После того как Ларсон повернулся к нему спиной, Петр не прекратил своих восхищений.
– Эх, Алексашка. Смотри, экая стать. Не то, что наши бояре. Располнели, растолстели. Эвон и на войну не выгнать. Закрылись в своих Московских хоромах. Придет время, придет. Доберусь я до них, ой доберусь.
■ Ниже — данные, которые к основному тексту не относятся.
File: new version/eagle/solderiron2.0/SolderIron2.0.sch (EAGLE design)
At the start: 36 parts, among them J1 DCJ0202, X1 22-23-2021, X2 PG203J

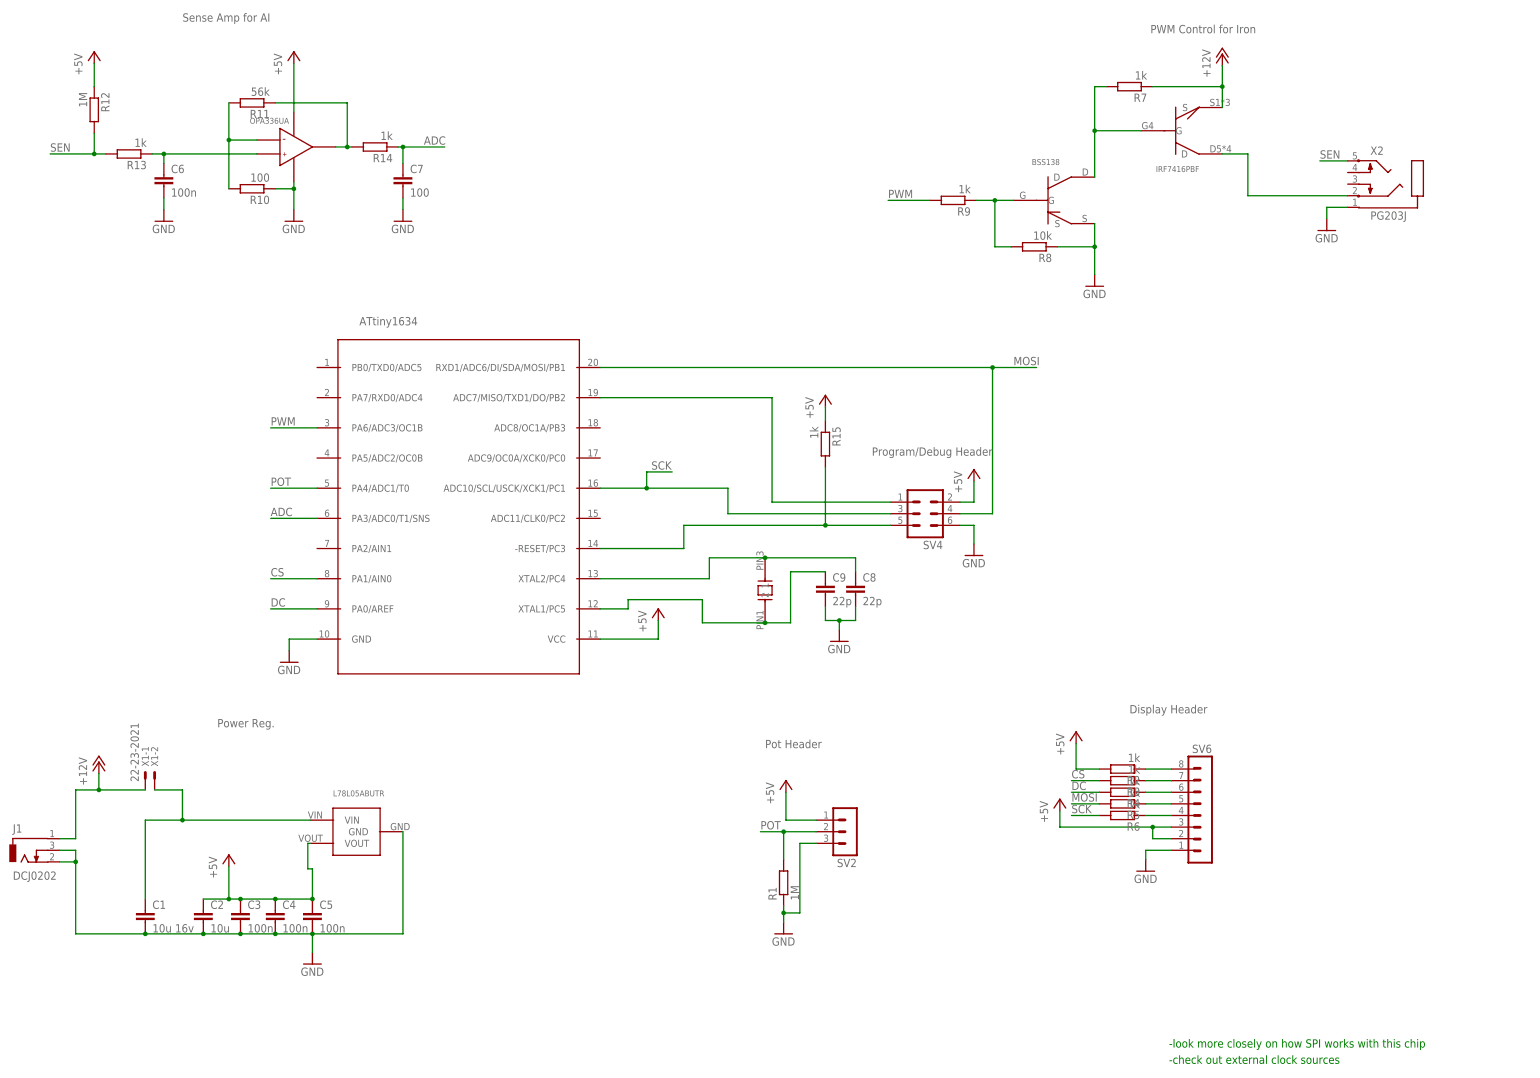
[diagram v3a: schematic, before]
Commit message: finished PCB part layout
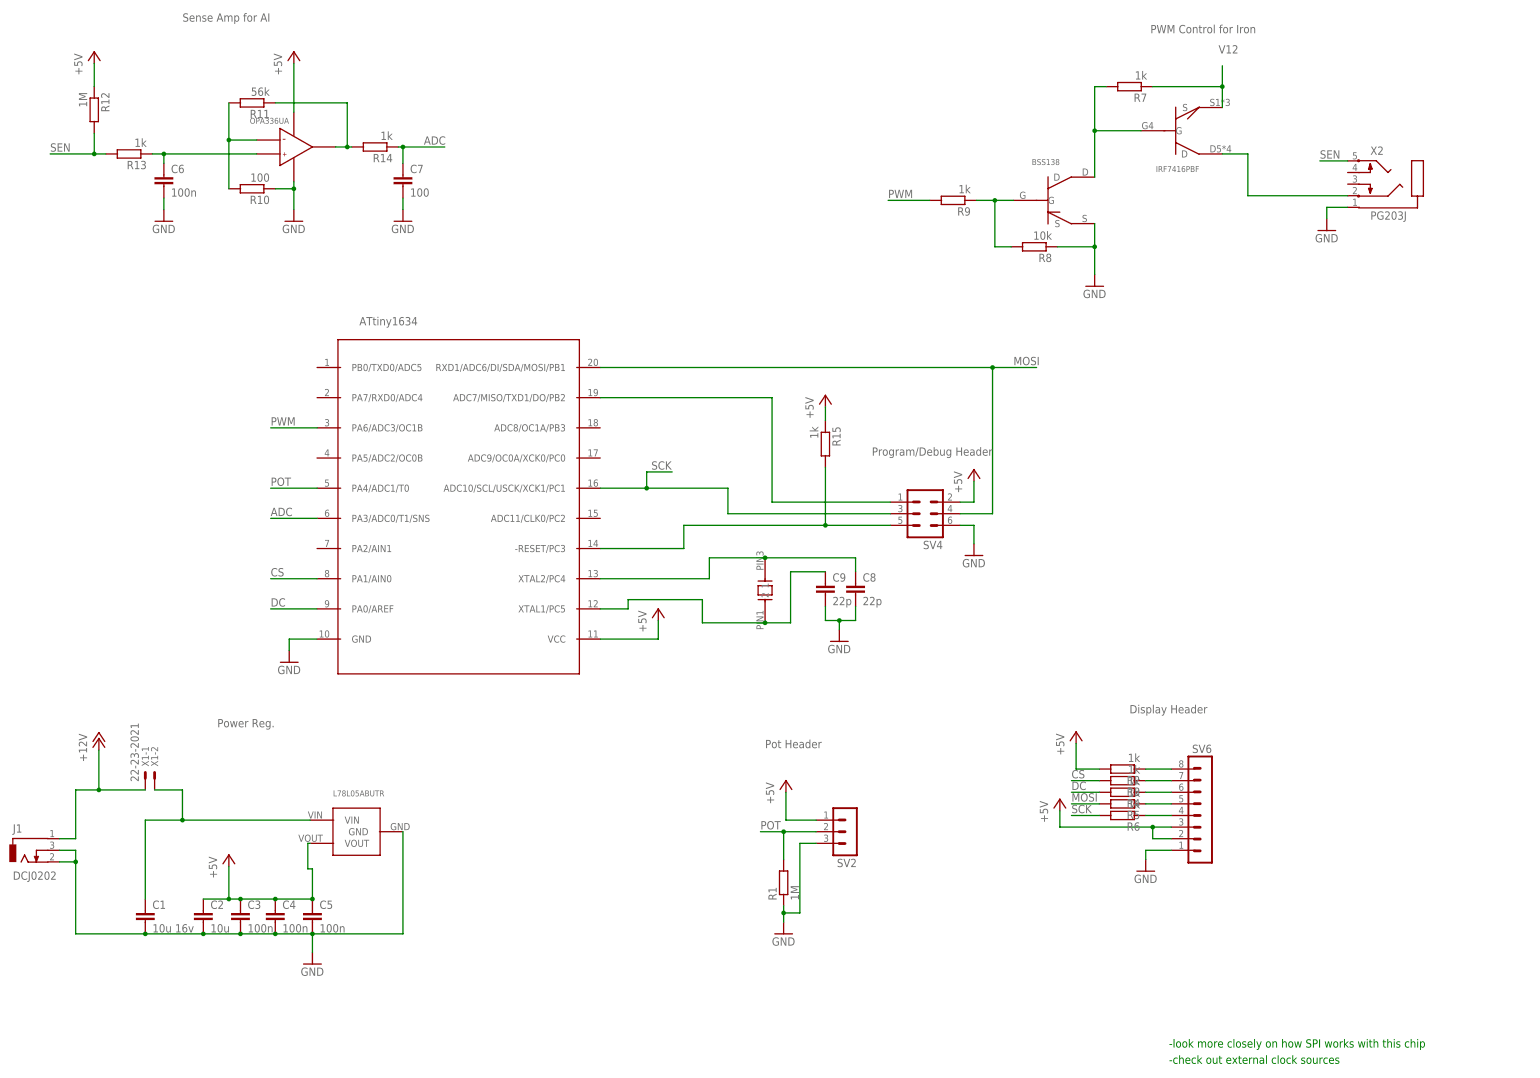
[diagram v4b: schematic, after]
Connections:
- removed net N$3: C1.1, U$2.VIN, X1-2.S
- new net V12: C1.1, R7.1, U$1.S, U$2.VIN, X1-2.S
- net +12V: no longer R7.1, U$1.S
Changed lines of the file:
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@@
 <setting verticaltext="up"/>
 </settings>
-<grid distance="0.5" unitdist="mm" unit="mm" style="lines" multiple="1" display="yes" altdistance="0.01" altunitdist="inch" altunit="inch"/>
+<grid distance="0.1" unitdist="inch" unit="inch" style="lines" multiple="1" display="no" altdistance="0.01" altunitdist="inch" altunit="inch"/>
 <layers>
 <layer number="1" name="Top" color="4" fill="1" visible="no" active="no"/>
@@
 <part name="GND4" library="supply1" deviceset="GND" device=""/>
 <part name="U$1" library="solderstation" deviceset="IRF7416PBF" device=""/>
-<part name="P+1" library="supply1" deviceset="+12V" device=""/>
 <part name="U$3" library="solderstation" deviceset="BSS138" device=""/>
 <part name="R7" library="eagle-ltspice" deviceset="R" device="R0603" value="1k"/>
@@
 <attribute name="NAME" x="-121.738" y="-49.46" size="1.524" layer="95" rot="R90"/>
 </instance>
-<instance part="P+6" gate="1" x="-134.5" y="-48.5"/>
+<instance part="P+6" gate="1" x="-134.5" y="-43.42"/>
 <instance part="X2" gate="1" x="147" y="78.5"/>
 <instance part="GND4" gate="1" x="130" y="66"/>
 <instance part="U$1" gate="G$1" x="100" y="87.5" rot="R180"/>
-<instance part="P+1" gate="1" x="107.5" y="104"/>
 <instance part="U$3" gate="G$1" x="72.5" y="72.5" rot="MR0"/>
 <instance part="R7" gate="G$1" x="87.5" y="97" rot="R180"/>
@@
 </segment>
 </net>
-<net name="N$3" class="0">
+<net name="V12" class="0">
 <segment>
 <wire x1="-89" y1="-61" x2="-116.5" y2="-61" width="0.1524" layer="91"/>
@@
 <junction x="-116.5" y="-61"/>
 </segment>
-</net>
-<net name="+12V" class="0">
-<segment>
-<wire x1="-134.5" y1="-54.5" x2="-139.5" y2="-54.5" width="0.1524" layer="91"/>
-<wire x1="-139.5" y1="-54.5" x2="-139.5" y2="-65" width="0.1524" layer="91"/>
-<pinref part="J1" gate="G$1" pin="1"/>
-<wire x1="-139.5" y1="-65" x2="-143" y2="-65" width="0.1524" layer="91"/>
-<pinref part="P+6" gate="1" pin="+12V"/>
-<wire x1="-134.5" y1="-51" x2="-134.5" y2="-54.5" width="0.1524" layer="91"/>
-<pinref part="X1" gate="-1" pin="S"/>
-<wire x1="-134.5" y1="-54.5" x2="-124.5" y2="-54.5" width="0.1524" layer="91"/>
-<junction x="-134.5" y="-54.5"/>
-</segment>
-<segment>
-<pinref part="P+1" gate="1" pin="+12V"/>
+<segment>
 <pinref part="U$1" gate="G$1" pin="S"/>
 <wire x1="107.5" y1="101.5" x2="107.5" y2="97" width="0.1524" layer="91"/>
@@
 <wire x1="92.5" y1="97" x2="107.5" y2="97" width="0.1524" layer="91"/>
 <junction x="107.5" y="97"/>
+<label x="106.68" y="104.14" size="1.778" layer="95"/>
 </segment>
 </net>
+<net name="+12V" class="0">
+<segment>
+<wire x1="-134.5" y1="-54.5" x2="-139.5" y2="-54.5" width="0.1524" layer="91"/>
+<wire x1="-139.5" y1="-54.5" x2="-139.5" y2="-65" width="0.1524" layer="91"/>
+<pinref part="J1" gate="G$1" pin="1"/>
+<wire x1="-139.5" y1="-65" x2="-143" y2="-65" width="0.1524" layer="91"/>
+<pinref part="P+6" gate="1" pin="+12V"/>
+<wire x1="-134.5" y1="-45.92" x2="-134.5" y2="-54.5" width="0.1524" layer="91"/>
+<pinref part="X1" gate="-1" pin="S"/>
+<wire x1="-134.5" y1="-54.5" x2="-124.5" y2="-54.5" width="0.1524" layer="91"/>
+<junction x="-134.5" y="-54.5"/>
+</segment>
+</net>

Тем временем Андрес извлек свои вещи из старой одежды, и переложил в карманы камзола. Как ни как память, решил он для себя. Вот хотя бы портмоне. В нем несколько банкнот, кредитная карточка, статья, из какого-то научного журнала (бизнесмен и сам не помнил), пара визиток. Еще там Ларсон хранил фото жены. Теперь его нет, оно сгорело. В огне и растворилась память о ней. Вот уже пару минут, переодеваясь, Андрес пытался вспомнить ее лицо. Без успешно. Кто знает, может в последние годы, когда он догадывался об ее любовнике, образ жены стал постепенно вытесняться из его сознания. А уж авария выбила его окончательно.
– Ну, я вижу, ты готов, – проговорил Петр. – Алексашка подыши для него местечко в лагере. Андрес, а ты завтра с утра приступай к своим обязанностям.
Затем подумал немного и попросил у эстонца сигареты, долго разглядывал. Затем бросил на стол. Отошел в угол, где у него стоял небольшой сундук с вещами. Долго рылся, а когда вернулся, протянул золотарю длинную курительную трубку, какими обычно пользовались голландские мастеровые, огниво и кисет.
– Вот бери, – молвил царь, – а зажигалку и твой табак я себе оставлю. Больно диковинные они.
V
Но, утром все пошло не так как хотел государь Московский.
Полковой трубач разбудил спящий остров Кампергольм. Ларсон протер глаза и уставился на дремавшего напротив него солдата в обшарканном стрелецком кафтане. Казалось, тот и не собирался просыпаться, несмотря на небольшой переполох, возникший за стенами шатра. Даже ноябрьский холод не беспокоил его. Было видно, как он посапывал, и его рыжие усы, которые были чуть светлее бороды, поднимались вверх. Решив, что нарушенный покой может ему навредить, кто знает, как стрелец относился к иноземцам, Андрес не стал его не будить.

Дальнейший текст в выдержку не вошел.